The data -
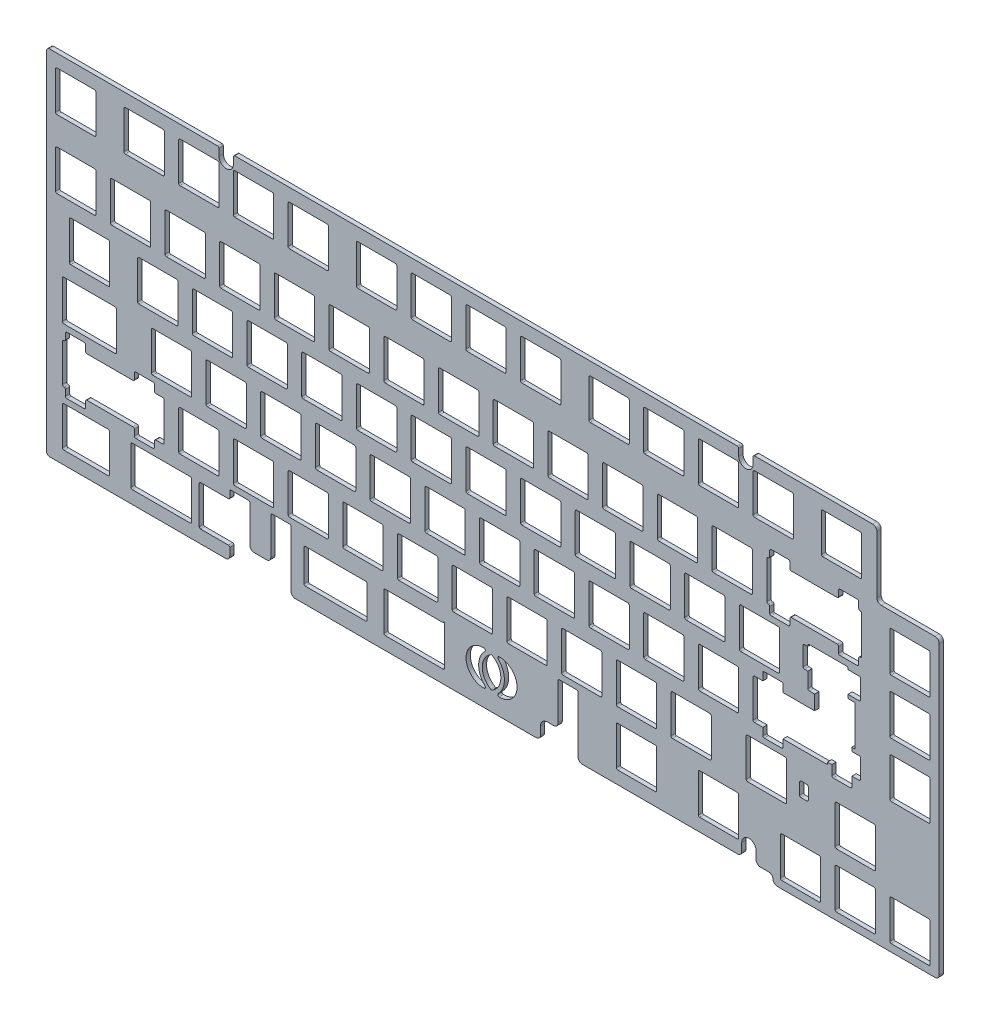
SolidWorks part; units mm, degrees
material "POM Acetal Copolymer"
ref_plane "Front Plane" through (0, 0, 0) normal (0, 0, 1) x (1, 0, 0)
ref_plane "Top Plane" through (0, 0, 0) normal (0, 1, 0) x (1, 0, 0)
ref_plane "Right Plane" through (0, 0, 0) normal (1, 0, 0) x (0, 0, -1)
sketch "Model" plane through (0, 0, 0) normal (0, 0, 1) x (1, 0, 0)
  line L0 (274.4928, 83.607) -> (287.4928, 83.607)
  line L1 (273.9928, 70.107) -> (273.9928, 75.3421)
  line L2 (8.8553, 129.8695) -> (8.8553, 63.082)
  line L3 (67.4518, 130.9695) -> (9.9553, 130.9695)
  line L4 (319.7678, 63.082) -> (319.7678, 106.4532)
  line L5 (195.4959, 7.957) -> (249.4928, 7.957)
  line L6 (86.9959, 28.958) -> (86.9959, 16.157)
  line L7 (187.4959, 29.458) -> (193.4959, 29.458)
  line L8 (193.9959, 28.958) -> (193.9959, 9.457)
  line L9 (186.9959, 16.157) -> (186.9959, 28.958)
  line L10 (87.4959, 29.458) -> (93.4959, 29.458)
  line L11 (126.357, 12.957) -> (126.357, 25.957)
  line L12 (62.0594, 12.957) -> (62.0594, 25.957)
  line L13 (38.2454, 12.957) -> (38.2454, 25.957)
  line L14 (14.4343, 12.957) -> (14.4343, 25.957)
  line L15 (72.207, 12.457) -> (62.5594, 12.457)
  line L16 (62.5594, 26.457) -> (72.207, 26.457)
  line L17 (59.3945, 25.957) -> (59.3945, 12.957)
  line L18 (58.8945, 12.457) -> (38.7454, 12.457)
  line L19 (38.7454, 26.457) -> (58.8945, 26.457)
  line L20 (30.8195, 25.957) -> (30.8195, 12.957)
  line L21 (30.3195, 12.457) -> (14.9343, 12.457)
  line L22 (14.9343, 26.457) -> (30.3195, 26.457)
  line L23 (93.9959, 28.958) -> (93.9959, 9.457)
  line L24 (146.9959, 12.457) -> (126.857, 12.457)
  line L25 (126.857, 26.457) -> (146.9959, 26.457)
  line L26 (147.4959, 26.7823) -> (147.4959, 12.957)
  line L27 (9.9553, 7.957) -> (71.207, 7.957)
  line L28 (95.4959, 7.957) -> (179.3625, 7.957)
  line L29 (263.3678, 5.0945) -> (318.2678, 5.0945)
  line L30 (180.8625, 12.157) -> (180.8625, 9.457)
  line L31 (250.9928, 12.157) -> (250.9928, 9.457)
  line L32 (255.9928, 12.157) -> (255.9928, 9.457)
  line L33 (183.3625, 14.657) -> (185.4959, 14.657)
  line L34 (81.207, 14.657) -> (85.4959, 14.657)
  line L35 (257.4928, 7.957) -> (260.371, 7.957)
  line L36 (8.8553, 63.082) -> (8.8553, 9.057)
  line L37 (319.7678, 63.082) -> (319.7678, 6.5945)
  line L38 (75.4518, 130.9695) -> (248.4268, 130.9695)
  line L39 (256.4268, 130.9695) -> (296.5553, 130.9695)
  line L40 (298.0553, 129.4695) -> (298.0553, 109.4532)
  line L41 (299.5553, 107.9532) -> (318.2678, 107.9532)
  line L42 (271.6572, 41.007) -> (273.6572, 41.007)
  line L43 (274.1572, 40.507) -> (274.1572, 36.507)
  line L44 (273.6572, 36.007) -> (271.6572, 36.007)
  line L45 (271.1572, 36.507) -> (271.1572, 40.507)
  line L46 (260.7295, 105.157) -> (260.7295, 103.157)
  line L47 (268.2295, 102.657) -> (284.2295, 102.657)
  line L48 (268.2295, 88.657) -> (284.2295, 88.657)
  line L49 (261.2295, 105.657) -> (267.2295, 105.657)
  line L50 (261.2295, 85.657) -> (267.2295, 85.657)
  line L51 (267.7295, 103.157) -> (267.7295, 105.157)
  line L52 (267.7295, 88.157) -> (267.7295, 86.157)
  line L53 (291.7295, 105.157) -> (291.7295, 103.157)
  line L54 (291.2295, 105.657) -> (285.2295, 105.657)
  line L55 (291.2295, 85.657) -> (285.2295, 85.657)
  line L56 (284.7295, 103.157) -> (284.7295, 105.157)
  line L57 (284.7295, 88.157) -> (284.7295, 86.157)
  line L58 (258.3508, 50.557) -> (258.3508, 48.057)
  line L59 (265.3508, 50.557) -> (280.8516, 50.557)
  line L60 (258.8508, 67.557) -> (264.8508, 67.557)
  line L61 (258.8508, 47.557) -> (264.8508, 47.557)
  line L62 (265.3508, 64.557) -> (265.3508, 67.057)
  line L63 (265.3508, 50.557) -> (265.3508, 48.057)
  line L64 (288.8508, 47.557) -> (282.8508, 47.557)
  line L65 (282.3508, 51.3421) -> (282.3508, 48.057)
  line L66 (15.4632, 48.0073) -> (15.4632, 46.007)
  line L67 (22.9632, 45.5073) -> (38.9632, 45.5073)
  line L68 (22.9632, 31.5073) -> (38.9632, 31.5073)
  line L69 (15.9632, 48.5073) -> (21.9632, 48.5073)
  line L70 (15.9632, 28.5073) -> (21.9632, 28.5073)
  line L71 (22.4632, 46.0073) -> (22.4632, 48.0073)
  line L72 (22.4632, 31.0073) -> (22.4632, 29.0073)
  line L73 (46.4632, 48.0073) -> (46.4632, 46.007)
  line L74 (45.9632, 48.5073) -> (39.9632, 48.5073)
  line L75 (45.9632, 28.5073) -> (39.9632, 28.5073)
  line L76 (39.4632, 46.0073) -> (39.4632, 48.0073)
  line L77 (39.4632, 31.0073) -> (39.4632, 29.0073)
  line L78 (258.3508, 50.557) -> (255.4453, 50.557)
  line L79 (276.3765, 69.607) -> (274.4928, 69.607)
  line L80 (276.3765, 64.557) -> (276.3765, 69.607)
  line L81 (292.3508, 82.2801) -> (292.3508, 75.8421)
  line L82 (292.3508, 58.2801) -> (292.3508, 51.8421)
  line L83 (291.8508, 82.7801) -> (287.9953, 82.7801)
  line L84 (255.4453, 64.557) -> (258.3508, 64.557)
  line L85 (290.3765, 74.0611) -> (290.3765, 60.0611)
  line L86 (254.9453, 64.057) -> (254.9453, 51.057)
  line L87 (287.9953, 75.3421) -> (291.8508, 75.3421)
  line L88 (289.3508, 58.7801) -> (291.8508, 58.7801)
  line L89 (290.3765, 74.0611) -> (287.9953, 74.0611)
  line L90 (287.9953, 74.0611) -> (287.9953, 75.3421)
  line L91 (289.3508, 58.7801) -> (289.3508, 60.0611)
  line L92 (289.3508, 60.0611) -> (290.3765, 60.0611)
  line L93 (282.3508, 51.3421) -> (280.8516, 51.3421)
  line L94 (280.8516, 51.3421) -> (280.8516, 50.557)
  line L95 (258.3508, 67.057) -> (258.3508, 64.557)
  line L96 (289.3508, 48.057) -> (289.3508, 51.3421)
  line L97 (291.8508, 51.3421) -> (289.3508, 51.3421)
  line L98 (287.9928, 83.107) -> (287.9953, 82.7801)
  line L99 (265.3508, 64.557) -> (276.3765, 64.557)
  line L100 (272.3508, 82.2801) -> (272.3508, 75.8421)
  line L101 (272.8508, 82.7801) -> (273.9928, 82.7801)
  line L102 (273.9928, 75.3421) -> (272.8508, 75.3421)
  line L103 (273.9928, 82.7801) -> (273.9928, 83.107)
  line L104 (259.7053, 89.157) -> (259.7053, 102.157)
  line L105 (292.7553, 102.157) -> (292.7553, 89.157)
  line L106 (291.7295, 86.157) -> (291.7295, 88.157)
  line L107 (292.2295, 88.657) -> (292.2553, 88.657)
  line L108 (292.2295, 102.657) -> (292.2553, 102.657)
  line L109 (260.2053, 102.657) -> (260.2295, 102.657)
  line L110 (260.7295, 86.157) -> (260.7295, 88.157)
  line L111 (260.2295, 88.657) -> (260.2053, 88.657)
  line L112 (49.8678, 45.007) -> (49.8678, 32.007)
  line L113 (46.4632, 29.0073) -> (46.4632, 31.007)
  line L114 (46.9632, 31.507) -> (49.3678, 31.507)
  line L115 (46.9632, 45.507) -> (49.3678, 45.507)
  line L116 (14.4365, 32.007) -> (14.4365, 45.007)
  line L117 (15.4632, 29.0073) -> (15.4632, 31.007)
  line L118 (14.9632, 31.507) -> (14.9365, 31.507)
  line L119 (14.9365, 45.507) -> (14.9632, 45.507)
  line L120 (79.707, 28.958) -> (79.707, 16.157)
  line L121 (72.707, 11.957) -> (72.707, 9.457)
  line L122 (72.707, 26.957) -> (72.707, 28.958)
  line L123 (73.207, 29.458) -> (79.207, 29.458)
  line L124 (120.5413, 13.957) -> (120.5413, 24.957)
  line L125 (99.0413, 13.457) -> (120.0413, 13.457)
  line L126 (98.5413, 24.957) -> (98.5413, 13.957)
  line L127 (120.0413, 25.457) -> (99.0413, 25.457)
  line L144 (12.5303, 112.4445) -> (25.5803, 112.4445)
  line L145 (26.0803, 112.9445) -> (26.0803, 125.9945)
  line L146 (25.5803, 126.4945) -> (12.5303, 126.4945)
  line L147 (12.0303, 125.9945) -> (12.0303, 112.9445)
  line L148 (36.3428, 112.4445) -> (49.3928, 112.4445)
  line L149 (49.8928, 112.9445) -> (49.8928, 125.9945)
  line L150 (49.3928, 126.4945) -> (36.3428, 126.4945)
  line L151 (35.8428, 125.9945) -> (35.8428, 112.9445)
  line L152 (93.4928, 112.4445) -> (106.5428, 112.4445)
  line L153 (107.0428, 112.9445) -> (107.0428, 125.9945)
  line L154 (106.5428, 126.4945) -> (93.4928, 126.4945)
  line L155 (92.9928, 125.9945) -> (92.9928, 112.9445)
  line L156 (117.3053, 112.4445) -> (130.3553, 112.4445)
  line L157 (130.8553, 112.9445) -> (130.8553, 125.9945)
  line L158 (130.3553, 126.4945) -> (117.3053, 126.4945)
  line L159 (116.8053, 125.9945) -> (116.8053, 112.9445)
  line L160 (136.3553, 112.4445) -> (149.4053, 112.4445)
  line L161 (149.9053, 112.9445) -> (149.9053, 125.9945)
  line L162 (149.4053, 126.4945) -> (136.3553, 126.4945)
  line L163 (135.8553, 125.9945) -> (135.8553, 112.9445)
  line L164 (155.4053, 112.4445) -> (168.4553, 112.4445)
  line L165 (168.9553, 112.9445) -> (168.9553, 125.9945)
  line L166 (168.4553, 126.4945) -> (155.4053, 126.4945)
  line L167 (154.9053, 125.9945) -> (154.9053, 112.9445)
  line L168 (174.4553, 112.4445) -> (187.5053, 112.4445)
  line L169 (188.0053, 112.9445) -> (188.0053, 125.9945)
  line L170 (187.5053, 126.4945) -> (174.4553, 126.4945)
  line L171 (173.9553, 125.9945) -> (173.9553, 112.9445)
  line L172 (198.2678, 112.4445) -> (211.3178, 112.4445)
  line L173 (211.8178, 112.9445) -> (211.8178, 125.9945)
  line L174 (211.3178, 126.4945) -> (198.2678, 126.4945)
  line L175 (197.7678, 125.9945) -> (197.7678, 112.9445)
  line L176 (217.3178, 112.4445) -> (230.3678, 112.4445)
  line L177 (230.8678, 112.9445) -> (230.8678, 125.9945)
  line L178 (230.3678, 126.4945) -> (217.3178, 126.4945)
  line L179 (216.8178, 125.9945) -> (216.8178, 112.9445)
  line L180 (279.2303, 112.4445) -> (292.2803, 112.4445)
  line L181 (292.7803, 112.9445) -> (292.7803, 125.9945)
  line L182 (292.2803, 126.4945) -> (279.2303, 126.4945)
  line L183 (278.7303, 125.9945) -> (278.7303, 112.9445)
  line L184 (303.0428, 88.632) -> (316.0928, 88.632)
  line L185 (316.5928, 89.132) -> (316.5928, 102.182)
  line L186 (316.0928, 102.682) -> (303.0428, 102.682)
  line L187 (302.5428, 102.182) -> (302.5428, 89.132)
  line L188 (283.9928, 26.7195) -> (297.0428, 26.7195)
  line L189 (297.5428, 27.2195) -> (297.5428, 40.2695)
  line L190 (297.0428, 40.7695) -> (283.9928, 40.7695)
  line L191 (283.4928, 40.2695) -> (283.4928, 27.2195)
  line L192 (303.0428, 7.6695) -> (316.0928, 7.6695)
  line L193 (316.5928, 8.1695) -> (316.5928, 21.2195)
  line L194 (316.0928, 21.7195) -> (303.0428, 21.7195)
  line L195 (302.5428, 21.2195) -> (302.5428, 8.1695)
  line L196 (283.9928, 7.6695) -> (297.0428, 7.6695)
  line L197 (297.5428, 8.1695) -> (297.5428, 21.2195)
  line L198 (297.0428, 21.7195) -> (283.9928, 21.7195)
  line L199 (283.4928, 21.2195) -> (283.4928, 8.1695)
  line L200 (264.9428, 7.6695) -> (277.9928, 7.6695)
  line L201 (278.4928, 8.1695) -> (278.4928, 21.2195)
  line L202 (277.9928, 21.7195) -> (264.9428, 21.7195)
  line L203 (264.4428, 21.2195) -> (264.4428, 8.1695)
  line L204 (236.3678, 12.432) -> (249.4178, 12.432)
  line L205 (249.9178, 12.932) -> (249.9178, 25.982)
  line L206 (249.4178, 26.482) -> (236.3678, 26.482)
  line L207 (235.8678, 25.982) -> (235.8678, 12.932)
  line L208 (207.7928, 12.432) -> (220.8428, 12.432)
  line L209 (221.3428, 12.932) -> (221.3428, 25.982)
  line L210 (220.8428, 26.482) -> (207.7928, 26.482)
  line L211 (207.2928, 25.982) -> (207.2928, 12.932)
  line L212 (253.0365, 31.482) -> (266.0865, 31.482)
  line L213 (266.5865, 31.982) -> (266.5865, 45.032)
  line L214 (266.0865, 45.532) -> (253.0365, 45.532)
  line L215 (252.5365, 45.032) -> (252.5365, 31.982)
  line L216 (226.8428, 31.482) -> (239.8928, 31.482)
  line L217 (240.3928, 31.982) -> (240.3928, 45.032)
  line L218 (239.8928, 45.532) -> (226.8428, 45.532)
  line L219 (226.3428, 45.032) -> (226.3428, 31.982)
  line L220 (207.7928, 31.482) -> (220.8428, 31.482)
  line L221 (221.3428, 31.982) -> (221.3428, 45.032)
  line L222 (220.8428, 45.532) -> (207.7928, 45.532)
  line L223 (207.2928, 45.032) -> (207.2928, 31.982)
  line L224 (188.7428, 31.482) -> (201.7928, 31.482)
  line L225 (202.2928, 31.982) -> (202.2928, 45.032)
  line L226 (201.7928, 45.532) -> (188.7428, 45.532)
  line L227 (188.2428, 45.032) -> (188.2428, 31.982)
  line L228 (169.6928, 31.482) -> (182.7428, 31.482)
  line L229 (183.2428, 31.982) -> (183.2428, 45.032)
  line L230 (182.7428, 45.532) -> (169.6928, 45.532)
  line L231 (169.1928, 45.032) -> (169.1928, 31.982)
  line L232 (150.6428, 31.482) -> (163.6928, 31.482)
  line L233 (164.1928, 31.982) -> (164.1928, 45.032)
  line L234 (163.6928, 45.532) -> (150.6428, 45.532)
  line L235 (150.1428, 45.032) -> (150.1428, 31.982)
  line L236 (131.5928, 31.482) -> (144.6428, 31.482)
  line L237 (145.1428, 31.982) -> (145.1428, 45.032)
  line L238 (144.6428, 45.532) -> (131.5928, 45.532)
  line L239 (131.0928, 45.032) -> (131.0928, 31.982)
  line L240 (112.5428, 31.482) -> (125.5928, 31.482)
  line L241 (126.0928, 31.982) -> (126.0928, 45.032)
  line L242 (125.5928, 45.532) -> (112.5428, 45.532)
  line L243 (112.0428, 45.032) -> (112.0428, 31.982)
  line L244 (93.4928, 31.482) -> (106.5428, 31.482)
  line L245 (107.0428, 31.982) -> (107.0428, 45.032)
  line L246 (106.5428, 45.532) -> (93.4928, 45.532)
  line L247 (92.9928, 45.032) -> (92.9928, 31.982)
  line L248 (74.4428, 31.482) -> (87.4928, 31.482)
  line L249 (87.9928, 31.982) -> (87.9928, 45.032)
  line L250 (87.4928, 45.532) -> (74.4428, 45.532)
  line L251 (73.9428, 45.032) -> (73.9428, 31.982)
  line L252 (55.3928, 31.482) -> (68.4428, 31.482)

Task instructions - Look above for the line containing "line L149 (49.8928, 112.9445)". Output from there through the line containing "line L153 (107.0428, 112.9445)", exactly and inclusively.

Completed exercise -
  line L149 (49.8928, 112.9445) -> (49.8928, 125.9945)
  line L150 (49.3928, 126.4945) -> (36.3428, 126.4945)
  line L151 (35.8428, 125.9945) -> (35.8428, 112.9445)
  line L152 (93.4928, 112.4445) -> (106.5428, 112.4445)
  line L153 (107.0428, 112.9445) -> (107.0428, 125.9945)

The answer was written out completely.